- Data shown
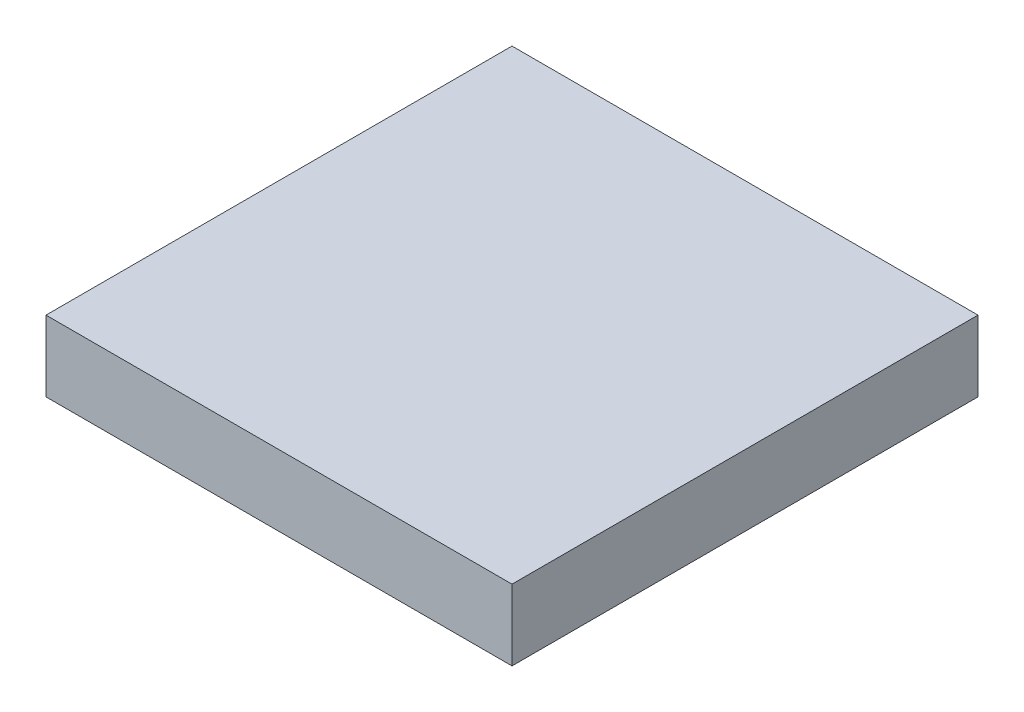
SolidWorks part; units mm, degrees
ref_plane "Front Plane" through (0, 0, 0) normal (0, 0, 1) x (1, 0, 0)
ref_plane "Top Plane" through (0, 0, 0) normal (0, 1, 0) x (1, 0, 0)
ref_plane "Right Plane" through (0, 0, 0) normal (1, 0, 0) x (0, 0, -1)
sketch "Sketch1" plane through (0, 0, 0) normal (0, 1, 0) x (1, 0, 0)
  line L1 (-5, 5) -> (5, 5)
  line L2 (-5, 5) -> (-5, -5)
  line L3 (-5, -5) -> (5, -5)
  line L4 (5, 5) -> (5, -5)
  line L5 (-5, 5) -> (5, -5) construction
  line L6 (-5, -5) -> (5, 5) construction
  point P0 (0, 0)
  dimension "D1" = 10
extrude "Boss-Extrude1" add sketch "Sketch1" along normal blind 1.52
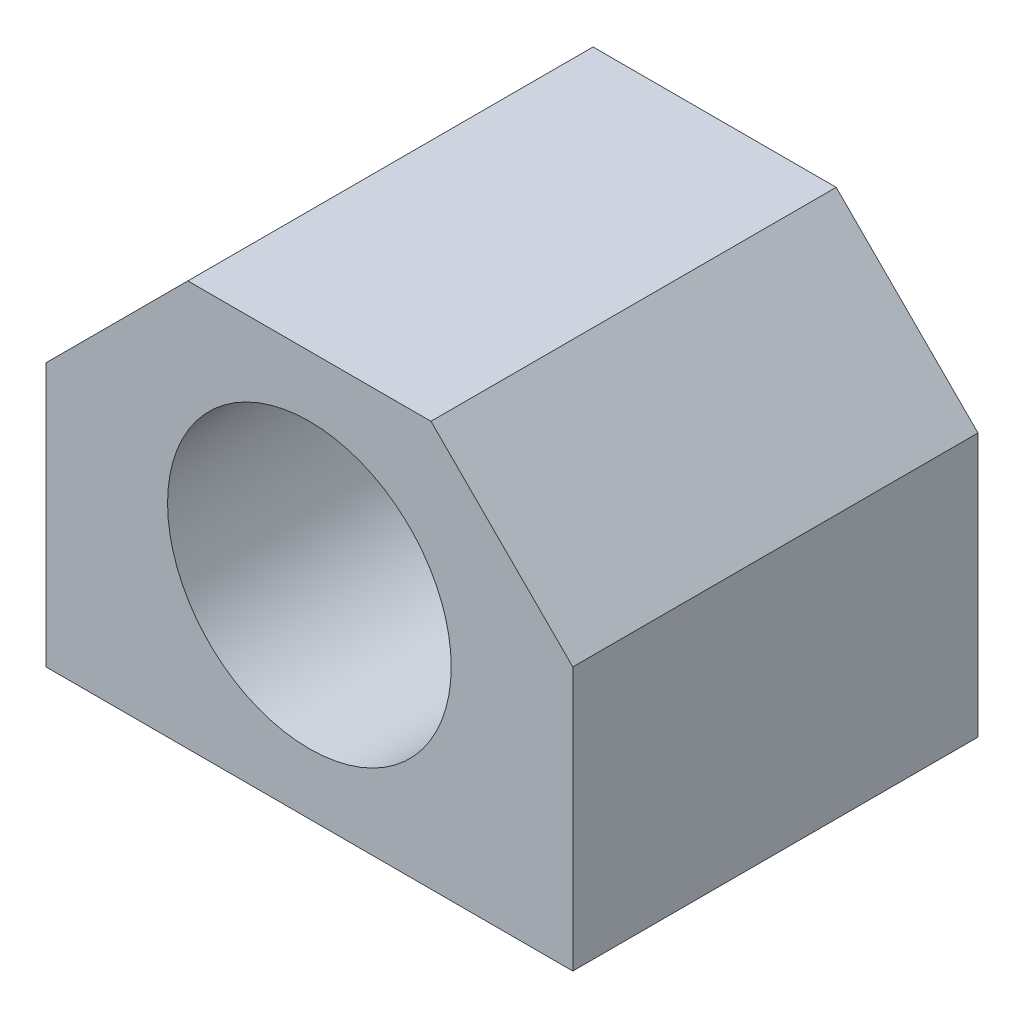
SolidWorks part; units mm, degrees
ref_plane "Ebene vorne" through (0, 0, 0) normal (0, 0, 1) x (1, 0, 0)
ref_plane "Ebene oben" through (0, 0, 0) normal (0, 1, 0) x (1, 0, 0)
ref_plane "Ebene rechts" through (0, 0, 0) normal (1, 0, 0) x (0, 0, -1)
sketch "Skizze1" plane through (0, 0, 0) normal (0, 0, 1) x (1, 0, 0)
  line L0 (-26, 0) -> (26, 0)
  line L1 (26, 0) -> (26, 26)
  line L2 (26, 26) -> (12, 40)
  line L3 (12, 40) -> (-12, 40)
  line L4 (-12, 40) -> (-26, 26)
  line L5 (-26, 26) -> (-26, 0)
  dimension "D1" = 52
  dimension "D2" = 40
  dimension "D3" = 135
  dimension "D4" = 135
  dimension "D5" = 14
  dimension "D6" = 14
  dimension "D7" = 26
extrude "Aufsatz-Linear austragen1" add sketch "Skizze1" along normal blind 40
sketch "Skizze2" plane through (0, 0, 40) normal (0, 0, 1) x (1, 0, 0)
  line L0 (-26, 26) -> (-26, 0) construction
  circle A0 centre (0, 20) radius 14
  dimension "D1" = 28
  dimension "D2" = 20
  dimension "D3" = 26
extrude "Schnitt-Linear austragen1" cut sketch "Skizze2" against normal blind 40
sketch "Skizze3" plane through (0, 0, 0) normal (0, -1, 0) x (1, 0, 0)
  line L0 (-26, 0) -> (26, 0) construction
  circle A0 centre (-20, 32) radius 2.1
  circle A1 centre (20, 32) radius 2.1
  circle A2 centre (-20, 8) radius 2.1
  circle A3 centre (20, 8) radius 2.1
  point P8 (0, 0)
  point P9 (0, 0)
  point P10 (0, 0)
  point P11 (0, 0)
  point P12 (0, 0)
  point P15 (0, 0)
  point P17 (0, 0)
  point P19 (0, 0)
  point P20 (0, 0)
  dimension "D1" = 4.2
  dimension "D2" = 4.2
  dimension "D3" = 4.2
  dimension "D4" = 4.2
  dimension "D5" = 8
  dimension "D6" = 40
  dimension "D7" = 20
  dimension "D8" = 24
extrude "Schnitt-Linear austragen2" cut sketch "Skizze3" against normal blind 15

- Work instructions
Beginning with the line that holds "point P17 (0, 0)" and ending with the last line of the data, copy each line exactly and add nothing.

- Answer to this task
  point P17 (0, 0)
  point P19 (0, 0)
  point P20 (0, 0)
  dimension "D1" = 4.2
  dimension "D2" = 4.2
  dimension "D3" = 4.2
  dimension "D4" = 4.2
  dimension "D5" = 8
  dimension "D6" = 40
  dimension "D7" = 20
  dimension "D8" = 24
extrude "Schnitt-Linear austragen2" cut sketch "Skizze3" against normal blind 15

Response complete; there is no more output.